▶ [WHAT TO PRODUCE]: Where does the string "body" appear in the records? Copy every line that contains it.

▶ [EXCERPTED RECORDS]:
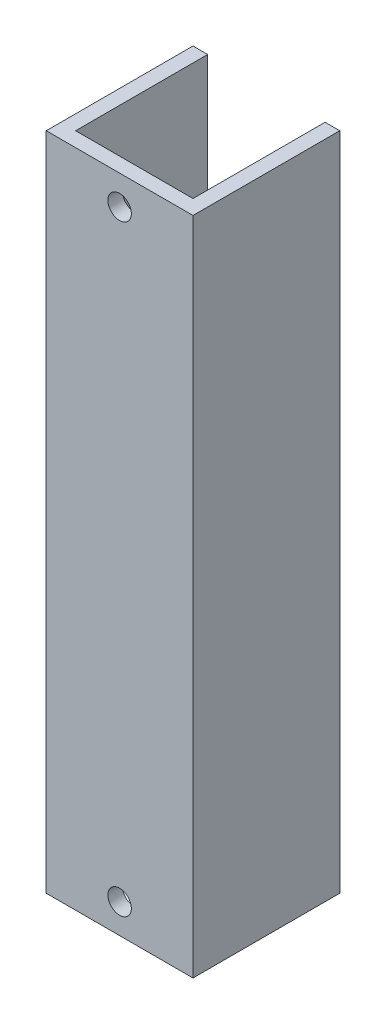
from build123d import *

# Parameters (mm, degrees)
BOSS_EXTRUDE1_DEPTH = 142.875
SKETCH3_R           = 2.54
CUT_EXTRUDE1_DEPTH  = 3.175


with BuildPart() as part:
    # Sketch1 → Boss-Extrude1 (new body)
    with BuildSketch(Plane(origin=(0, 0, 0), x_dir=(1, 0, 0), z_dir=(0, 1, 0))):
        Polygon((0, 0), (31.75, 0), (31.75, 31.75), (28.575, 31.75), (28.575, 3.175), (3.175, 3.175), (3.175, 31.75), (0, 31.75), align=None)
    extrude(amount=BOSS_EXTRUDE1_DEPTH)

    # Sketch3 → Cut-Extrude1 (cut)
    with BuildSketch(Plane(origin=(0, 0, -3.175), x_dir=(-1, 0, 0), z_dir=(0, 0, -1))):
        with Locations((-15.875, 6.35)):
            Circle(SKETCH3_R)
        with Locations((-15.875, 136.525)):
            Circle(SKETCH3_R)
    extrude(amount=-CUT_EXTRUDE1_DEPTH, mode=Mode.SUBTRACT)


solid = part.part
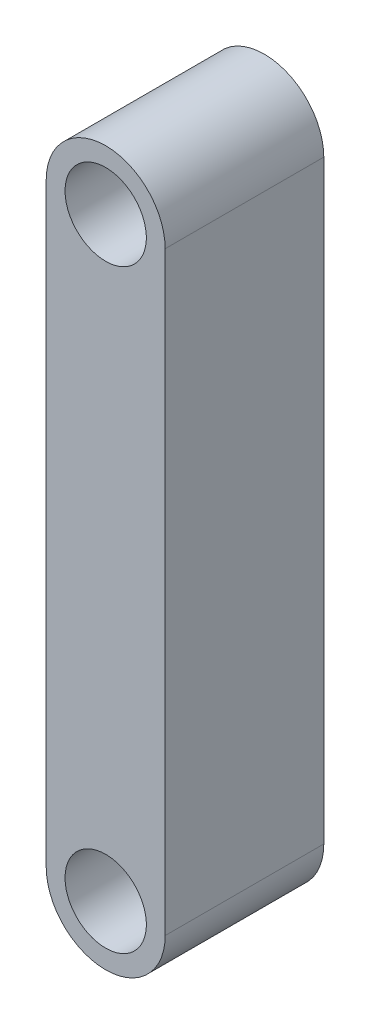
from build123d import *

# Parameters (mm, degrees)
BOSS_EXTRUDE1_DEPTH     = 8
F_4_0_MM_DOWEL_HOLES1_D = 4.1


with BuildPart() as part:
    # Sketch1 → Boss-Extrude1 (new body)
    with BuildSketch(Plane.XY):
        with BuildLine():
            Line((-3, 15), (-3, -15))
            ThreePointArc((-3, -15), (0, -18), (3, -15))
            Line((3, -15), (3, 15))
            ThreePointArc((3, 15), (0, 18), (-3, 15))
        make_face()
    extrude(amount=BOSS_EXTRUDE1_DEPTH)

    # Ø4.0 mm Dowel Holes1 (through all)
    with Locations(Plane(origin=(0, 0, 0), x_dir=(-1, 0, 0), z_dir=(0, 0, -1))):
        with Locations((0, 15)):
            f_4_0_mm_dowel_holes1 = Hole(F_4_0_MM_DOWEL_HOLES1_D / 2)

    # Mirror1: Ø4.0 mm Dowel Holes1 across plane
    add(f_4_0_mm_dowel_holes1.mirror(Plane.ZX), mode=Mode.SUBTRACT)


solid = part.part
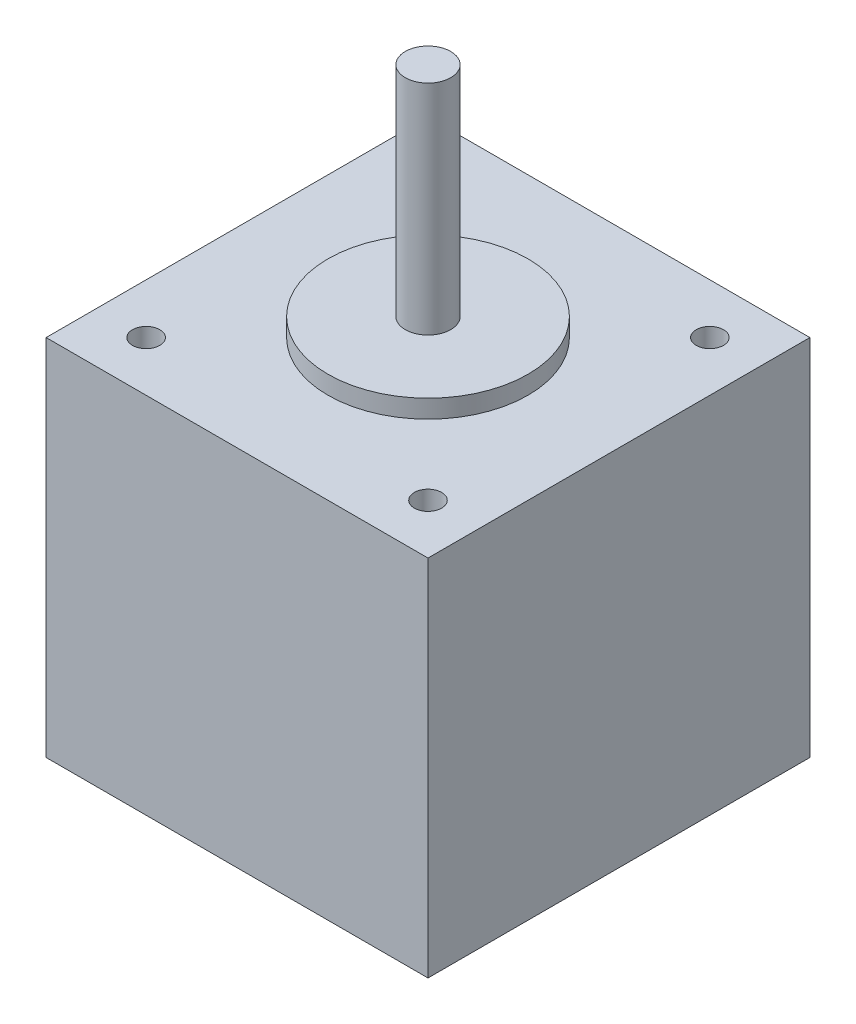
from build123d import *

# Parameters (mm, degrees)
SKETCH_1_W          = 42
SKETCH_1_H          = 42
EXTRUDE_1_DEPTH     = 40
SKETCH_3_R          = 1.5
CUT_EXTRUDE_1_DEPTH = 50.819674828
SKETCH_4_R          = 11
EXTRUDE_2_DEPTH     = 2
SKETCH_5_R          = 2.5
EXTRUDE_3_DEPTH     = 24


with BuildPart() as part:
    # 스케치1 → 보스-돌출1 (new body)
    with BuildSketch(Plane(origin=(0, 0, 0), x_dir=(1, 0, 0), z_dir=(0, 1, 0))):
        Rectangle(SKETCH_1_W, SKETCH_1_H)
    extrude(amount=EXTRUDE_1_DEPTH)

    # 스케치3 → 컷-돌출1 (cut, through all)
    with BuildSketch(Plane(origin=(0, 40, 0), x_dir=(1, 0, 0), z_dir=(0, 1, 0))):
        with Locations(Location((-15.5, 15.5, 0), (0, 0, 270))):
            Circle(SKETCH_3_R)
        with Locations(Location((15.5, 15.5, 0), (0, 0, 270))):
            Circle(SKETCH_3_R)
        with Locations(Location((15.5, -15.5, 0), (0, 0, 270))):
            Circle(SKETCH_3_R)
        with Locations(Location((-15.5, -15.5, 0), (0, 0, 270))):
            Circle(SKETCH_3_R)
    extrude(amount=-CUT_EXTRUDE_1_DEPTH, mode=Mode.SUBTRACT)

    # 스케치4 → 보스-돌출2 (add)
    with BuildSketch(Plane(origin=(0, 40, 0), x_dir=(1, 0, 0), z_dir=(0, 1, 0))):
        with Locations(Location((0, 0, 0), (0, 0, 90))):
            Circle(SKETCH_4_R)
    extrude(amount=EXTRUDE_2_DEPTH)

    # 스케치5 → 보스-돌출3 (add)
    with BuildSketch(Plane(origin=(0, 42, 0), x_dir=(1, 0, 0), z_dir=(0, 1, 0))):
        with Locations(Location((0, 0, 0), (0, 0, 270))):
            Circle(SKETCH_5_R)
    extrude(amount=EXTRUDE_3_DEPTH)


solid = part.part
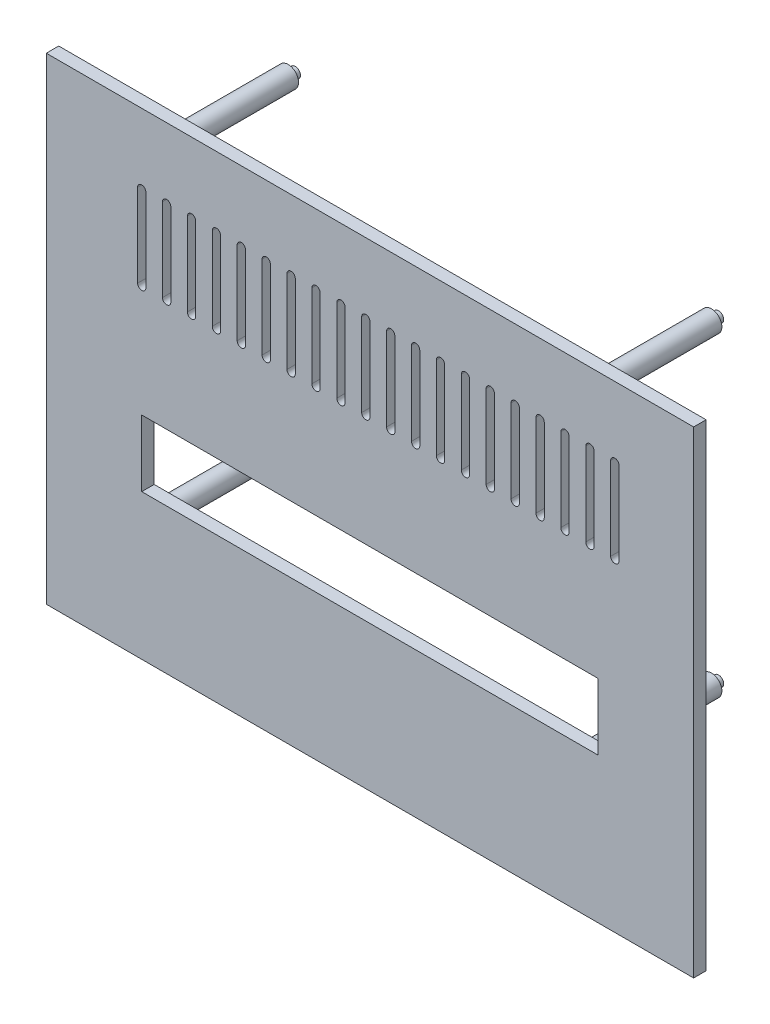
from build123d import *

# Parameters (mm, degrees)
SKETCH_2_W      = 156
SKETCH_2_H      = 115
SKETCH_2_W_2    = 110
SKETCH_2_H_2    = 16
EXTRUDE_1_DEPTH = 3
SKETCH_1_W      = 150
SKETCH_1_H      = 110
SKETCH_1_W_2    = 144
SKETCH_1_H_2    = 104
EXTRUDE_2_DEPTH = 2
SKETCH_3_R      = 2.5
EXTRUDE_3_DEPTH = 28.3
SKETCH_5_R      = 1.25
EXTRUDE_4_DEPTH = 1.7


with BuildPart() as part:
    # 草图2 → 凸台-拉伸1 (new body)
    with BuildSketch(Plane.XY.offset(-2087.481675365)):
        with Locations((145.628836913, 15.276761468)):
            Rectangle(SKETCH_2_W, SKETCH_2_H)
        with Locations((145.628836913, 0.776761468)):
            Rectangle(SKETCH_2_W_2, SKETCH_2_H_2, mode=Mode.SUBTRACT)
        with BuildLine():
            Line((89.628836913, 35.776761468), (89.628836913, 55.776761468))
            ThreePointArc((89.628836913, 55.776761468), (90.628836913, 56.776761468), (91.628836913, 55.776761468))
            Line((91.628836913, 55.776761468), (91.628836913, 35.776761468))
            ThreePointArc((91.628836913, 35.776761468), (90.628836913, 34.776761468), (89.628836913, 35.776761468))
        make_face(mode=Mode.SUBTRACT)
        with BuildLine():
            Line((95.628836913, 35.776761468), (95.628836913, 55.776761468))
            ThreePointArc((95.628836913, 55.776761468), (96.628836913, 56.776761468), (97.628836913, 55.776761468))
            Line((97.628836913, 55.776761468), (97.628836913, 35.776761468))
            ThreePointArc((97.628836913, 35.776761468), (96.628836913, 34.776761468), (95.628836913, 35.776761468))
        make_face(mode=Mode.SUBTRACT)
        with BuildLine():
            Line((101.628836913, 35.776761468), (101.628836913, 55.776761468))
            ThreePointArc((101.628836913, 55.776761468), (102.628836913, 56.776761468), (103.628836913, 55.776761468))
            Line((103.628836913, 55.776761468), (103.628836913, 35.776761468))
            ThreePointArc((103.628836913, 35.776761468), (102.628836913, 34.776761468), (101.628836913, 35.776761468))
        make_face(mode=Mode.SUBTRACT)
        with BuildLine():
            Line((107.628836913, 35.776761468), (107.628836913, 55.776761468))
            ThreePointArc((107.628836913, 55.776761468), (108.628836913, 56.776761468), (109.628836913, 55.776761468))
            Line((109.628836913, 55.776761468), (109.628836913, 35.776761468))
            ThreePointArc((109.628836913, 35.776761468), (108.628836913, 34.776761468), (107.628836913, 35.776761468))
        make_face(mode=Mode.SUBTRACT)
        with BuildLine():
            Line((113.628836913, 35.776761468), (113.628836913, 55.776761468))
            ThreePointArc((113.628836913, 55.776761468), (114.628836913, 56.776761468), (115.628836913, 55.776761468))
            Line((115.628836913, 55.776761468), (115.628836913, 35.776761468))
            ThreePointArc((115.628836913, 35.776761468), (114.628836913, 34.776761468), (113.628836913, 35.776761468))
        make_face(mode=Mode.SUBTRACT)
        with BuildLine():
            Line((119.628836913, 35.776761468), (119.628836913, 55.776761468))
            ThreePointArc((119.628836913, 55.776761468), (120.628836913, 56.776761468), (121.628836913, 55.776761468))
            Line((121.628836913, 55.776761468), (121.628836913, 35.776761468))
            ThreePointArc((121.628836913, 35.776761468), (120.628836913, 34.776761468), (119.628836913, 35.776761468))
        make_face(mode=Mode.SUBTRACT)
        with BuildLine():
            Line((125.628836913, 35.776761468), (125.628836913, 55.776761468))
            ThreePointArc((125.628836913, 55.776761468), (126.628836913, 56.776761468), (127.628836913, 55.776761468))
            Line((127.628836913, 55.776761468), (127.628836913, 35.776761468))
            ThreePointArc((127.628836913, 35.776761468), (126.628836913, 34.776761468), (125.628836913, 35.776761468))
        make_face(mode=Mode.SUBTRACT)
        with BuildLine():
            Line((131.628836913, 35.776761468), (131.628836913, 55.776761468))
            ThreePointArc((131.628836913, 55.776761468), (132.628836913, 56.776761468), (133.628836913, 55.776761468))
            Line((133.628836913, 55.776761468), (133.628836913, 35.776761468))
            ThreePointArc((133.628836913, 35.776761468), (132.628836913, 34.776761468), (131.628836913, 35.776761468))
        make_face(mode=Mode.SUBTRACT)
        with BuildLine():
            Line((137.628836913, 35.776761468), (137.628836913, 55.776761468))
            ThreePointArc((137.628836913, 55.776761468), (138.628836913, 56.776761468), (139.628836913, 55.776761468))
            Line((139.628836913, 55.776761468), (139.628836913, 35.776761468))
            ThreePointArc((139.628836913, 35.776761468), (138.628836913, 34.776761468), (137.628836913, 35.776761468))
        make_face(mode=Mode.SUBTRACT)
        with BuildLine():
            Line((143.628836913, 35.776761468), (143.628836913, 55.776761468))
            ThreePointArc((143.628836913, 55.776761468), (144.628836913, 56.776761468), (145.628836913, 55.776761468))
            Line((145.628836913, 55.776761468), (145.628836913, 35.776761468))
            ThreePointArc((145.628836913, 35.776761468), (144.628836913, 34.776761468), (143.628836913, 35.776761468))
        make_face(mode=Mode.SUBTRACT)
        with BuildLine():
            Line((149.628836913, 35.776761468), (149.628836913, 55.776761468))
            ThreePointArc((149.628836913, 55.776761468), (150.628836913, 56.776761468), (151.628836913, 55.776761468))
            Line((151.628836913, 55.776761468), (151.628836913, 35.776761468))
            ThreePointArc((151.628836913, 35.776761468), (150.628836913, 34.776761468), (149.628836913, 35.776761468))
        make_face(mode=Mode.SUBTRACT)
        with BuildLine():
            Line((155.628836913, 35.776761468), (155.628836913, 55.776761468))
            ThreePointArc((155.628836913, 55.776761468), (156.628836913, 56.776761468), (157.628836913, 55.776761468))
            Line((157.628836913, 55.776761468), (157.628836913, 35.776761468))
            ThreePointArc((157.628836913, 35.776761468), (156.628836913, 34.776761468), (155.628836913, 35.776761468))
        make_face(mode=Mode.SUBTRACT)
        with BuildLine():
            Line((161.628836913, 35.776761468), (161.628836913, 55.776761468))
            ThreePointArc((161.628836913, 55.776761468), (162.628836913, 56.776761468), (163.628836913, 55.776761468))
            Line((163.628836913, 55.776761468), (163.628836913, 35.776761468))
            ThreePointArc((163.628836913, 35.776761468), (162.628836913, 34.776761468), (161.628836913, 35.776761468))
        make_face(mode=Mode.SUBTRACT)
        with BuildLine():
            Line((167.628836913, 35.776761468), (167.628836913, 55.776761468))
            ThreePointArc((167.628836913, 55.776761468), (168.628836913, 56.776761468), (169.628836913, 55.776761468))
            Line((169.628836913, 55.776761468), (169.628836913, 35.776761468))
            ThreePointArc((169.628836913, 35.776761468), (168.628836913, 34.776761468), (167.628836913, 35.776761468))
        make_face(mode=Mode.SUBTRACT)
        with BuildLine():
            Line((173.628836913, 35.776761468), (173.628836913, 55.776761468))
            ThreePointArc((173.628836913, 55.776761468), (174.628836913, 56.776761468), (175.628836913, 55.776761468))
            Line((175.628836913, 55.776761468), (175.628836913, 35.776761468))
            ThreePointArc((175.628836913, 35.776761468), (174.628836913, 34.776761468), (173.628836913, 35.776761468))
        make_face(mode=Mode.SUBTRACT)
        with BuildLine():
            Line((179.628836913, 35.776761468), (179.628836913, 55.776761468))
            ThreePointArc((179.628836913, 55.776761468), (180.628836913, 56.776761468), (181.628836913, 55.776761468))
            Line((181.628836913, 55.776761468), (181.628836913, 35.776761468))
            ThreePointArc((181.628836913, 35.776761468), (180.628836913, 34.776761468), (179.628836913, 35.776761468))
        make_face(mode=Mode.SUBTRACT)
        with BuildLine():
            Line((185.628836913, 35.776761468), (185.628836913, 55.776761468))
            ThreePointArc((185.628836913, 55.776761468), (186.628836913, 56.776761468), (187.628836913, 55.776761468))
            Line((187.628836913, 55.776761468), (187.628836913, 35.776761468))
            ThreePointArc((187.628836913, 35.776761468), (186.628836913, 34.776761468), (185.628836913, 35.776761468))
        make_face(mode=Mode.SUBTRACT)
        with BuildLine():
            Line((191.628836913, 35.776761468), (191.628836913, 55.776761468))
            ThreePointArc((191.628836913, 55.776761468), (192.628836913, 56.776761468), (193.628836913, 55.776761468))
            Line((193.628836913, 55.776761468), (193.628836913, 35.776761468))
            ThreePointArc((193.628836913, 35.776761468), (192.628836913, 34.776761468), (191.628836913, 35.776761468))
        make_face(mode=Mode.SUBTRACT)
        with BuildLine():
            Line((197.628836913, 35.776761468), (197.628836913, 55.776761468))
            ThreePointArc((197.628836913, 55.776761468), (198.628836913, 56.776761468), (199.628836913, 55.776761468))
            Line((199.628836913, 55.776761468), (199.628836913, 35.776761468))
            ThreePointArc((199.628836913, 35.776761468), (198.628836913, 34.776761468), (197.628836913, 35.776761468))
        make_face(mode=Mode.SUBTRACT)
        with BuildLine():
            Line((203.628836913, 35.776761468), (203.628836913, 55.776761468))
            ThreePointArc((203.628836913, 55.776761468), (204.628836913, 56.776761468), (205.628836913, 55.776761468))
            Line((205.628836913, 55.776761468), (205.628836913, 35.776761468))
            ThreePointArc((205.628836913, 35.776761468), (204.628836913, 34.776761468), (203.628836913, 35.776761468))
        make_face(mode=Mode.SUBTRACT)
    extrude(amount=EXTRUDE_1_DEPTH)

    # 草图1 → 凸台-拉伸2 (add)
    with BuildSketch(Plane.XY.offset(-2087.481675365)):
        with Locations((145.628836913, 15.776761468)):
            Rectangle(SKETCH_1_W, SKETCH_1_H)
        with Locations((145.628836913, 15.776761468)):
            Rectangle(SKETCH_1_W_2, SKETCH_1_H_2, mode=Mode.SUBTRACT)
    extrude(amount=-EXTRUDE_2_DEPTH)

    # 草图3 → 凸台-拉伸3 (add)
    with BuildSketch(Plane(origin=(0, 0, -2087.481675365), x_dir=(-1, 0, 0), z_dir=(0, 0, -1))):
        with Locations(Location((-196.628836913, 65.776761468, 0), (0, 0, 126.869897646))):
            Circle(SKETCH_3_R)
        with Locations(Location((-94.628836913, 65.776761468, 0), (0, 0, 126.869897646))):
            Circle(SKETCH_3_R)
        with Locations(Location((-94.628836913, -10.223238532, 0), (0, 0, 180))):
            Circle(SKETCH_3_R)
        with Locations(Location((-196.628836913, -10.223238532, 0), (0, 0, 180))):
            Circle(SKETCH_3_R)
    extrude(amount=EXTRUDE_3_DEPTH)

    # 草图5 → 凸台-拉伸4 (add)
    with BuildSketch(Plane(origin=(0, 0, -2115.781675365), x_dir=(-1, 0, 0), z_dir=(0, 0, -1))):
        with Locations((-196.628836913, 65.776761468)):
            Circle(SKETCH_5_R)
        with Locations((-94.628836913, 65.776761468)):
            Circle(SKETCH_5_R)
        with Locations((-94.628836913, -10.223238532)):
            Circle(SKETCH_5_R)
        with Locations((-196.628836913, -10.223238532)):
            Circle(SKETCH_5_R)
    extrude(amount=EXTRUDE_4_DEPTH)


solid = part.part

▶ [YOUR SOLUTION]:
    # Sketch1 → Boss-Extrude1 (new body)
    # Sketch1 → Boss-Extrude1 (new body)
    # 스케치1 → 보스-돌출1 (new body)
    # 草图2 → 凸台-拉伸1 (new body)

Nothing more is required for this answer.